Crecimiento deportivo y motivación de su entorno
Por otro lado, indicó que el deporte también significa superar miedos y exigencias personales. “Mi mayor desafío hasta ahora fue lograr hacer el salto en la fosa cuando hacía carreras con obstáculos, lo logré superar intentando muchas veces hasta perder el miedo y después más veces para mejorar la técnica”, manifestó. Su próximo reto es alcanzar el tiempo necesario en el clasificatorio de Mar del Plata para poder competir en el Sudamericano en Panamá.

El entorno de Felipe juega un papel clave en su crecimiento. “Las personas que siempre me apoyan son mi familia, que hacen todo para que pueda participar en las competencias, mi entrenador, que se preocupa para que tengamos las mejores condiciones para correr, el grupo de atletismo que hace que entrenar sea más fácil y los pibes del C de la escuela”, expresó.
Mirando hacia el futuro
Como dijo anteriormente, sus objetivos son claros y ambiciosos: ganar el clasificatorio en Mar del Plata y participar en los Sudamericanos y Nacionales U18. Su mirada está puesta en cada meta, paso a paso, con la misma determinación que lo llevó a especializarse en los 800 metros.
Por último, para quienes recién se acercan al atletismo, Bond tiene un consejo: “Primero considero que no hay que hacerlo por obligación sino porque sí les gusta. Hay que entrenar todos los días de forma constante, con disciplina y seguir cada entrenamiento de la forma que el entrenador manda, confiando en el proceso.
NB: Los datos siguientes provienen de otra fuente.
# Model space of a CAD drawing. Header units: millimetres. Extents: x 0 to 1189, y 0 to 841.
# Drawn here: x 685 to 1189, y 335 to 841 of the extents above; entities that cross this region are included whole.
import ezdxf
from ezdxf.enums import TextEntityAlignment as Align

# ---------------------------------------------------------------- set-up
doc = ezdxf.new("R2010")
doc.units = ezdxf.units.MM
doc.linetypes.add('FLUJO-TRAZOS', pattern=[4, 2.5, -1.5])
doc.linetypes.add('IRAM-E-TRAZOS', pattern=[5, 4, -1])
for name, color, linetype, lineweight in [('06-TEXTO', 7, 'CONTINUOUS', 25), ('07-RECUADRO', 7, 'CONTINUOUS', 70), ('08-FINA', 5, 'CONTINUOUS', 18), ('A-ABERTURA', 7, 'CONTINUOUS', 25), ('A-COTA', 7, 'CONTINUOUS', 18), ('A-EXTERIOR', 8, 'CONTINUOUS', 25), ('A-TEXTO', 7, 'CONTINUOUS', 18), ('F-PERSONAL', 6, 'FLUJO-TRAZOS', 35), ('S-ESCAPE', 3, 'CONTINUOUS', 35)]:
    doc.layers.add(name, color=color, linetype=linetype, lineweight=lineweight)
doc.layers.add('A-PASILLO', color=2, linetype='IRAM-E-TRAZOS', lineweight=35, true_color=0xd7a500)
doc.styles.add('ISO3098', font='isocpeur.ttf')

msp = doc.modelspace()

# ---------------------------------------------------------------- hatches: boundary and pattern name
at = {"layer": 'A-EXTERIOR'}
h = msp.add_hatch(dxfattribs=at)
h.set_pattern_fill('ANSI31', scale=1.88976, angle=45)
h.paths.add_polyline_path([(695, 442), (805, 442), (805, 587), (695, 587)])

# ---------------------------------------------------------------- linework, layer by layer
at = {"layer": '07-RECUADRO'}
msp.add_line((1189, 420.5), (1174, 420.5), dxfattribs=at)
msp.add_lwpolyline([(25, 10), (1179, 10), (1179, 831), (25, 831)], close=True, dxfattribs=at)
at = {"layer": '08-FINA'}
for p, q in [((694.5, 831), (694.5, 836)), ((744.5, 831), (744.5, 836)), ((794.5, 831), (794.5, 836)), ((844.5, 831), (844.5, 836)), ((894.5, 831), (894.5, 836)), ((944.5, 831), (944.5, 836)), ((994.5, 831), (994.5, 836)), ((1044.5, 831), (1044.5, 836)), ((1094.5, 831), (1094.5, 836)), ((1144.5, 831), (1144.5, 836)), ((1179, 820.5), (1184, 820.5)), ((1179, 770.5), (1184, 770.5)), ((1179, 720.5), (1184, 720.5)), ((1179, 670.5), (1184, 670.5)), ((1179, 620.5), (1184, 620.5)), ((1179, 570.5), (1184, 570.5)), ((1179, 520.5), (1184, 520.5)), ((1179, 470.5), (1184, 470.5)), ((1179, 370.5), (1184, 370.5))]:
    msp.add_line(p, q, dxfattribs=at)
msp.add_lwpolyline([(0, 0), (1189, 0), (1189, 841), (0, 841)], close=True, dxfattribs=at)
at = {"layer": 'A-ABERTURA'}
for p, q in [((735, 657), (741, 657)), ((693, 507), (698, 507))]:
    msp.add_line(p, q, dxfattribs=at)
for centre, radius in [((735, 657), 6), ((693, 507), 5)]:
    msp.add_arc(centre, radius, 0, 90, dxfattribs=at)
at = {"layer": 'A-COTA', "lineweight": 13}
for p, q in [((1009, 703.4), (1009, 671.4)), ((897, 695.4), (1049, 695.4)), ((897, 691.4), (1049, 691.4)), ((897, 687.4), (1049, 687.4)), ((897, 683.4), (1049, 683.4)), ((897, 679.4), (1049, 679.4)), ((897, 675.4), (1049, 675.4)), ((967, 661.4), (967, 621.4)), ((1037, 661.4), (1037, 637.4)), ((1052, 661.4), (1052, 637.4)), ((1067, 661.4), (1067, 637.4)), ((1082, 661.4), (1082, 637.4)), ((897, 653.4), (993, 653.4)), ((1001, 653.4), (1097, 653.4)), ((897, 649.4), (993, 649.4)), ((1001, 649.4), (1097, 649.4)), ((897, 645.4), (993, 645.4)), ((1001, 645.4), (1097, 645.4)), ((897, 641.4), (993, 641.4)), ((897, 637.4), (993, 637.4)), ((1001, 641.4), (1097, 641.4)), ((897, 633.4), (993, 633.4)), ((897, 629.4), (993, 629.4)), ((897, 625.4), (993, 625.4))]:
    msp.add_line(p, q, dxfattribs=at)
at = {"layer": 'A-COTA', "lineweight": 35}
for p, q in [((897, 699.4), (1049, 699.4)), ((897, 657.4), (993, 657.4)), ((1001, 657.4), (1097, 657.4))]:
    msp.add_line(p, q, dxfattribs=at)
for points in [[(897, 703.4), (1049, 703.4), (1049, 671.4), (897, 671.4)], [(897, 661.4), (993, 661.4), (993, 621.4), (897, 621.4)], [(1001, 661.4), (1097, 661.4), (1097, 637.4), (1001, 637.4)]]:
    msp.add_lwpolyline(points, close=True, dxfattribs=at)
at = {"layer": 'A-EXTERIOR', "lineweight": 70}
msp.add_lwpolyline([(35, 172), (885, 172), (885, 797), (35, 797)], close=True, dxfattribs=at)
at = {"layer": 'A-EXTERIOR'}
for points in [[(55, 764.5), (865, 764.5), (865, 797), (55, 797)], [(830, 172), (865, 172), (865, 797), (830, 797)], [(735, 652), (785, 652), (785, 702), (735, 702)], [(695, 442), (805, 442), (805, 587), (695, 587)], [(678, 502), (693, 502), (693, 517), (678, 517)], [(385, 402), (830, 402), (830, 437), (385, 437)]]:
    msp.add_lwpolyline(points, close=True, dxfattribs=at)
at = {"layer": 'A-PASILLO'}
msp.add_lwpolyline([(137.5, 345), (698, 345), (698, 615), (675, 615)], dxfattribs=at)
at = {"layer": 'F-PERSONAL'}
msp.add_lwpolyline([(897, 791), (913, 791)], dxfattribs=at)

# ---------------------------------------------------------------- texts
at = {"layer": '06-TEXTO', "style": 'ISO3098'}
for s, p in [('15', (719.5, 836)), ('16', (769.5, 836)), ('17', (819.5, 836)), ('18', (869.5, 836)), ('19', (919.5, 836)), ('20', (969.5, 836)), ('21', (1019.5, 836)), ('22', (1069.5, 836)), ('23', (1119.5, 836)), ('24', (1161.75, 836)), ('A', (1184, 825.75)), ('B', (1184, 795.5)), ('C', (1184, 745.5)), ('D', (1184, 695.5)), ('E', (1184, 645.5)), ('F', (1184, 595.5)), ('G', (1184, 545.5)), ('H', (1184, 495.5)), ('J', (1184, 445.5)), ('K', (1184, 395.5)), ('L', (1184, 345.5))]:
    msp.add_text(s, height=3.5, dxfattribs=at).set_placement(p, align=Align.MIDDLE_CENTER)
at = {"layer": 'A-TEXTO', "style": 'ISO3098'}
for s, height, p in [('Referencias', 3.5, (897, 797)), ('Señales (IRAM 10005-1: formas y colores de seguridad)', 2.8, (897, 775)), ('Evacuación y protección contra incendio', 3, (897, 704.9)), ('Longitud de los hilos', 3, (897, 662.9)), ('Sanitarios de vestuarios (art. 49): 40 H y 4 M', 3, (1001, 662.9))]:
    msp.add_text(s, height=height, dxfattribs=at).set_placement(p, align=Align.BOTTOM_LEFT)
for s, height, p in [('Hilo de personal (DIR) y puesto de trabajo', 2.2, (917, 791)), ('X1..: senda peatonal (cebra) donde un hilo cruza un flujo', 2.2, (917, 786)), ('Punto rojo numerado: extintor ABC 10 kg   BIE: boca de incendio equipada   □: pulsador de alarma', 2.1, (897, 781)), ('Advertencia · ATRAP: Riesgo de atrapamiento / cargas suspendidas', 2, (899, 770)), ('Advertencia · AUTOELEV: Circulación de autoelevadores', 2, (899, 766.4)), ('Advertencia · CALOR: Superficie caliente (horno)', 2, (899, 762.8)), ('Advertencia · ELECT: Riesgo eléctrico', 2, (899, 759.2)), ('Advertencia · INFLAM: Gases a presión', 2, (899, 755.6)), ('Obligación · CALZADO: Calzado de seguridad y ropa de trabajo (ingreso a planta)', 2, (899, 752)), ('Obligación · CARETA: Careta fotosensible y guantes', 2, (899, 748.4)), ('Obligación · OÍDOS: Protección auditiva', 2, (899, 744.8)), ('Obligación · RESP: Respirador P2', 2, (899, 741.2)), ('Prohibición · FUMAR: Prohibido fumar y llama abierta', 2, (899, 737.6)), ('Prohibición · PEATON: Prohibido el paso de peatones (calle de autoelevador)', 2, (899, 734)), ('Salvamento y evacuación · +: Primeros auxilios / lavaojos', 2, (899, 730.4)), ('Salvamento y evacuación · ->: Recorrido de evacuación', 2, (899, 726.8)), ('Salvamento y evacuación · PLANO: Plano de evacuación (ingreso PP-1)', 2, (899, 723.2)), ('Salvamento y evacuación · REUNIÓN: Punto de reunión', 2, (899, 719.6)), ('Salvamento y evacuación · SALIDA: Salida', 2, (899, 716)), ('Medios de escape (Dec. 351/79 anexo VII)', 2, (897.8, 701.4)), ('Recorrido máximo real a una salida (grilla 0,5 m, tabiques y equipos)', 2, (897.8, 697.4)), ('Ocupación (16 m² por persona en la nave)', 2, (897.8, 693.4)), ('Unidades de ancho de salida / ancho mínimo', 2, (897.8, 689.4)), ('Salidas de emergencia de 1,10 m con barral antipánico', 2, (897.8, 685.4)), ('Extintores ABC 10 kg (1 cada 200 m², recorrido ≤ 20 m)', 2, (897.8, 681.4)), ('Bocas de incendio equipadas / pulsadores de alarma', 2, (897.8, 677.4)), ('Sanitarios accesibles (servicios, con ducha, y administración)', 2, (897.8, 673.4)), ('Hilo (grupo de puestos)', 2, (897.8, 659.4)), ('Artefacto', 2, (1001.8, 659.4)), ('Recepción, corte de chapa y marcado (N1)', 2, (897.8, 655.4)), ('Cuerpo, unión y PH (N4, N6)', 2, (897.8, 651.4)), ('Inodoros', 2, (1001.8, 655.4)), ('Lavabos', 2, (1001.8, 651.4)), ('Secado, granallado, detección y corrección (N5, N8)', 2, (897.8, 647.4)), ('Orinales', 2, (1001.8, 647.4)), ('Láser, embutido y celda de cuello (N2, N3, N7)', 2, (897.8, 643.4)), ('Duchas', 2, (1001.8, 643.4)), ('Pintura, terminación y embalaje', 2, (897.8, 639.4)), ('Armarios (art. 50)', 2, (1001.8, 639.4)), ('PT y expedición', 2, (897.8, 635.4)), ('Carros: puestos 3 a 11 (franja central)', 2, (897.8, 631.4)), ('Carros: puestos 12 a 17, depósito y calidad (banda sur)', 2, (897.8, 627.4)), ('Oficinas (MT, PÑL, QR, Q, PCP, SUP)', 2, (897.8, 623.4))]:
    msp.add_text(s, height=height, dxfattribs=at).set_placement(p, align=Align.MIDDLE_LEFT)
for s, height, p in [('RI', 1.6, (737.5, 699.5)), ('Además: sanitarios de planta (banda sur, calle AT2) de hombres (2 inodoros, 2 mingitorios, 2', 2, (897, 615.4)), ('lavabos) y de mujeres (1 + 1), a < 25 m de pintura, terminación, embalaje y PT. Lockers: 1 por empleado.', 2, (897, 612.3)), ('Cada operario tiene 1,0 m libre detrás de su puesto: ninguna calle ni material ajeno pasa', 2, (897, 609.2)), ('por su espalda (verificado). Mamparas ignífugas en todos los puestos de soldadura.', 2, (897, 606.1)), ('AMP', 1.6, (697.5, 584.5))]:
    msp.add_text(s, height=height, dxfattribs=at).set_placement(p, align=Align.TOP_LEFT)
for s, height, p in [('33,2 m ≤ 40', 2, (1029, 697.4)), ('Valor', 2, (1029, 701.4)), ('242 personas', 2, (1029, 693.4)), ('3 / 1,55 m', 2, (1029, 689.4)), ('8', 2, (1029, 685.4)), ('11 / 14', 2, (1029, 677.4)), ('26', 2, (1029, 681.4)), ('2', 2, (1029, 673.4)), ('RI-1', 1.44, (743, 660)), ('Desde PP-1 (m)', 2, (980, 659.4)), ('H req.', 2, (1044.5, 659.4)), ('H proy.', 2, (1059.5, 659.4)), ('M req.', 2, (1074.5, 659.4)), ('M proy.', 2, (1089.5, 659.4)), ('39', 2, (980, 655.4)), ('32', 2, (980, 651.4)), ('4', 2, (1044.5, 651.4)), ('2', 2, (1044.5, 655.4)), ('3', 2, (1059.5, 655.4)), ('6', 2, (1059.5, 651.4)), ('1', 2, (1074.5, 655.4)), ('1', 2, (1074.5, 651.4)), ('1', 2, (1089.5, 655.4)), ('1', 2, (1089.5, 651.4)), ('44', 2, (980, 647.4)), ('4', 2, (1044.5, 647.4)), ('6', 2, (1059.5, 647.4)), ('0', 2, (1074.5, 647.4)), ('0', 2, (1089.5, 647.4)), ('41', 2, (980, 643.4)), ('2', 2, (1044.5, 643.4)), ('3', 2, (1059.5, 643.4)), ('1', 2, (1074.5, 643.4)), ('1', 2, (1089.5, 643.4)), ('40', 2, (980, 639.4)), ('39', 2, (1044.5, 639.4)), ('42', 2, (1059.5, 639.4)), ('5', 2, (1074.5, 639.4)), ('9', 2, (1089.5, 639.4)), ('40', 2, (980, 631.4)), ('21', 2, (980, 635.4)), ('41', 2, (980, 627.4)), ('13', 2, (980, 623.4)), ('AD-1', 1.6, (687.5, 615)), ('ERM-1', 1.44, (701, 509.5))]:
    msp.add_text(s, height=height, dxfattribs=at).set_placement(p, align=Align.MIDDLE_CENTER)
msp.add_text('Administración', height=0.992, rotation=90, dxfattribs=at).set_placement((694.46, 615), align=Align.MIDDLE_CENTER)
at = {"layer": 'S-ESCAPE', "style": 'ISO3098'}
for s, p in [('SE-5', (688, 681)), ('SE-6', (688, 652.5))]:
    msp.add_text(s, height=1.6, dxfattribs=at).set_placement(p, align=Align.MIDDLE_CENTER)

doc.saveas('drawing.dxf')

Aun así, siendo un deporte individual, buscar un grupo de otros corredores es muy beneficioso para entrenar, ya que siempre hay alguien que te ayuda a superarte”.

Felipe Bond combina juventud, talento y esfuerzo constante, recorriendo el camino que va del patio de la escuela a las pistas internacionales. Su historia demuestra que, con pasión y disciplina, los sueños pueden medirse en cualquier distancia.